● **Problem to work on**
Those lines of the following listing which contain the string "Constant" should be returned.

● **Listed records**

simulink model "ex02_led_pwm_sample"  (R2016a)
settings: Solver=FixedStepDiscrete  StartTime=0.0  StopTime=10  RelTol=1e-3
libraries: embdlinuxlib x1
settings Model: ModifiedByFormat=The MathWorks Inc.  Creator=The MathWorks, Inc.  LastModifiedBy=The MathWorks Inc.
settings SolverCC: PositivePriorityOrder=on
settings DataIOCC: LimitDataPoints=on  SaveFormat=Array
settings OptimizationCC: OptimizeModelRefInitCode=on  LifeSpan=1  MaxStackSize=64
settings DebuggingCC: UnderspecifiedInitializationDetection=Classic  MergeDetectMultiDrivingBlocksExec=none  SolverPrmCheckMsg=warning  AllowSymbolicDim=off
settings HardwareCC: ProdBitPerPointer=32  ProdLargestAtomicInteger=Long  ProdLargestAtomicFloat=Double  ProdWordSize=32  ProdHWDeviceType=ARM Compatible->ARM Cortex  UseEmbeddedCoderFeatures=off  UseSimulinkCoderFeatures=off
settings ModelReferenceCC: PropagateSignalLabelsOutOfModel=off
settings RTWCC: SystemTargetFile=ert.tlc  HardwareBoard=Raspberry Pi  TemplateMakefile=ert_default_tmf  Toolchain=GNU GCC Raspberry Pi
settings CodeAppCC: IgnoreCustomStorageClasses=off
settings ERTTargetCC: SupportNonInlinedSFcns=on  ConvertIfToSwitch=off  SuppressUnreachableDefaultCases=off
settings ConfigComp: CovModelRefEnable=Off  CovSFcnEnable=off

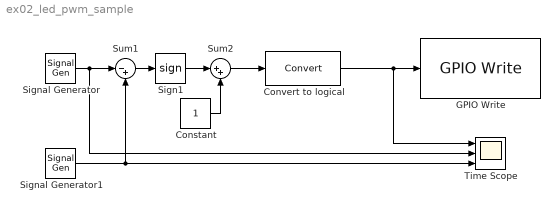
== system ex02_led_pwm_sample ==
  Constant : Constant  SampleTime=0.0001
  Convert to logical : DataTypeConversion
  GPIO Write : embdlinuxlib/GPIO Write  board=Pi 3 Model B  gpio=14  direction=Output  blockPlatform=Raspberry Pi
  Sign1 : Signum
  Signal Generator : SignalGenerator  Amplitude=1.1
  Signal Generator1 : SignalGenerator  WaveForm=sawtooth  Frequency=1000
  Sum1 : Sum  Inputs=|-+
  Sum2 : Sum  Inputs=|++
  Time Scope : Scope  NumInputPorts=3
  wires:
  Signal Generator/1 -> Time Scope/2, Sum1/1
  Signal Generator1/1 -> Time Scope/3, Sum1/2
  Sum1/1 -> Sign1/1
  Sign1/1 -> Sum2/1
  Sum2/1 -> Convert to logical/1
  Constant/1 -> Sum2/2
  Convert to logical/1 -> Time Scope/1, GPIO Write/1

● **Response to this task**
  Constant : Constant  SampleTime=0.0001
  Constant/1 -> Sum2/2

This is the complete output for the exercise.